Training curve analysis workflow
Reach for this when the user asks whether a run is healthy, why it diverged, whether it overfit, or which of several runs has the best training dynamics.
The loop is: confirm the x-axis, compute features, render a PNG, read the image, write a verdict. Numbers and pictures cross-check each other — the helpers exist so you're not hand-rolling spike detection or slope fits while also trying to interpret them.
Pin the x-axis first
Different training stacks log different step keys (_step, global_step, trainer/global_step, epoch, train/step), and picking the wrong one turns an overlay into nonsense. list_candidate_step_keys(run) scans the history for plausible columns; guess_step_key_from_workspace(entity, project) checks what the W&B workspace actually plots. If both agree on one candidate, say which you picked and move on. If they disagree or there are several plausible choices, ask the user before plotting — this is cheap and avoids silently baking _step into a verdict.
For one run
Render plot_single_run_overview(run, step_key=step_key), Read the PNG, and pair it with a compact feature table from curve_features on the metrics that actually exist. If the run logs gradient histograms or per-layer scalar norms, add plot_grad_histogram_heatmap() or plot_grad_norm_by_layer() — they surface dead layers and vanishing-gradient signatures that the top-line grad-norm scalar hides.
For multiple runs
compare_runs_curves() gives you the ranking table; plot_run_comparison() gives you the overlay. Overlays get unreadable past ~6 runs, so rank first, then plot the shortlist — the function will refuse to render more than 6 for exactly this reason.
Write it up
Keep the summary compact. Don't dump raw history rows or full spike/slope payloads into the response unless you're drilling into a specific anomaly — the helpers already reduce those to scalars for a reason.
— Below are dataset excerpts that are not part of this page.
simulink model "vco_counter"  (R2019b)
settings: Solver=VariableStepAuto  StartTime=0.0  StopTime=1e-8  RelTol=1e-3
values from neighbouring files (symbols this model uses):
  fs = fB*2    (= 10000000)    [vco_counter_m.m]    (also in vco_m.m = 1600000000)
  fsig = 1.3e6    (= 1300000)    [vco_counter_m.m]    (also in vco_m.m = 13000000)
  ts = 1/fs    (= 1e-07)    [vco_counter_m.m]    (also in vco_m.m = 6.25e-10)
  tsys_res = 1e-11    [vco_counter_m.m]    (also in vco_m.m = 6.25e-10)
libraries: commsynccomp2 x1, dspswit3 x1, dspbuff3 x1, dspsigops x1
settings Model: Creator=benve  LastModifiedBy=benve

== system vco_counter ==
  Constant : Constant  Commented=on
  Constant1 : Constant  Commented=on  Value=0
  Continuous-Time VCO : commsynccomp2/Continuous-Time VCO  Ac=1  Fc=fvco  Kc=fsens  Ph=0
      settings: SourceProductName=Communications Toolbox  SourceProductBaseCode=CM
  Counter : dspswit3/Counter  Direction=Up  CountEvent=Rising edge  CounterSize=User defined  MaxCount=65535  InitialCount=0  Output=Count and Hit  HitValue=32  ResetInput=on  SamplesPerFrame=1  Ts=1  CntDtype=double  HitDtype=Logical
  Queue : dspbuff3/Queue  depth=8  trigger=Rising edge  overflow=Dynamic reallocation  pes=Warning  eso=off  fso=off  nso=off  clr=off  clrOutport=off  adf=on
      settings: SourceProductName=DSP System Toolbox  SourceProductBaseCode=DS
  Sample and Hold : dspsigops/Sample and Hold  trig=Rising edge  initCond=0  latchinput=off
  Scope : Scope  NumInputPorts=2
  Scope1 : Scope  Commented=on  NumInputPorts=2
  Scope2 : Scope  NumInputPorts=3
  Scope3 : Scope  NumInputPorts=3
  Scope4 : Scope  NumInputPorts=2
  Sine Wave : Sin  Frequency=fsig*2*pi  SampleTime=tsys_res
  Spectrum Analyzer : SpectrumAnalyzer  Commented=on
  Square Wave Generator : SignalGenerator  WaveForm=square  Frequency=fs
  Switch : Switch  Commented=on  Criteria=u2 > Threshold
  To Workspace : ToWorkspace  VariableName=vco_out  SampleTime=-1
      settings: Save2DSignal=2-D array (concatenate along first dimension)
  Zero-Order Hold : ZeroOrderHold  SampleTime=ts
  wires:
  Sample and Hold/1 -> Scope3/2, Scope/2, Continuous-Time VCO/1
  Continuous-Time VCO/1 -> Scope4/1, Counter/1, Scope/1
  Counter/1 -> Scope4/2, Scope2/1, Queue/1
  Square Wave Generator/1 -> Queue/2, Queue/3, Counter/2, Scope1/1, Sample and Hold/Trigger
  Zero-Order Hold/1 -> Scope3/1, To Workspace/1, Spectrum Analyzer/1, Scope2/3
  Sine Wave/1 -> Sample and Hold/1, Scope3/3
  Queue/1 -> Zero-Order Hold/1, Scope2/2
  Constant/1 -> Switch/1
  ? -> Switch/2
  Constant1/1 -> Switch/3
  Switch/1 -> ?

Verdict: <healthy | unstable | overfit | plateaued | diverged | converged>
Evidence:
- <specific step range> — <what the metrics and plot show>
- <specific step range> — <what changed and why it matters>
Next actions:
- <concrete hyperparameter, logging, or code change>
When the numbers and the image disagree — and they will — references/TRAINING_DIAGNOSTICS.md is where the resolution heuristics live. Load it while you're interpreting, not before.
Gotchas
Weave API
| Gotcha | Wrong | Right |
|---|
| weave.init args | weave.init(project="x") | weave.init("x") (positional) |
| Parent filter | filter={'parent_id': 'x'} | filter={'parent_ids': ['x']} (plural, list) |
| WeaveObject access | rubric.get('passed') | getattr(rubric, 'passed', None) |
| Nested output | out.get('succeeded') | out.get('output').get('succeeded') (output.output) |
| ObjectRef comparison | name_ref == "foo" | str(name_ref) == "foo" |
| CallsFilter import | from weave import CallsFilter | from weave.trace.weave_client import CallsFilter |
| Query import | from weave import Query | from weave.trace_server.interface.query import Query |
| Eval status path | summary["status"] | summary["weave"]["status"] |
| Eval success count | summary["success_count"] | summary["weave"]["status_counts"]["success"] |
| When in doubt | Guess the type | unwrap() first, then inspect |
WeaveDict vs WeaveObject
- WeaveDict: dict-like, supports
.get(), .keys(), []. Used for: call.inputs, call.output, scores dict
- WeaveObject: attribute-based, use
getattr(). Used for: scorer results (rubric), dataset rows
- When in doubt: use
unwrap() to convert everything to plain Python
W&B API
| Gotcha | Wrong | Right |
|---|
| Summary access | run.summary["loss"] | run.summary_metrics.get("loss") |
| Loading all runs | list(api.runs(...)) | runs[:200] (always slice) |
| History — all fields | run.history() | run.history(samples=500, keys=["loss"]) |
| scan_history — no keys | scan_history() | scan_history(keys=["loss"]) (explicit) |
| Raw data in context | print(run.history()) | Load into DataFrame, compute stats |
| Metric at step N | iterate entire history | scan_history(keys=["loss"], min_step=N, max_step=N+1) |
| Cache staleness | reading live run | api.flush() first |
Package management
| Gotcha | Details |
|---|
| Using the wrong runner | Always use the run/install commands from the Python environment detection section — never guess |
Bare python when env unknown | If you haven't detected the environment yet, default to uv run script.py (never bare python) |
Weave logging noise
Weave prints version warnings to stderr. Suppress with:
import logging
logging.getLogger("weave").setLevel(logging.ERROR)
Quick reference
import weave
client = weave.init(f"{entity}/{project}")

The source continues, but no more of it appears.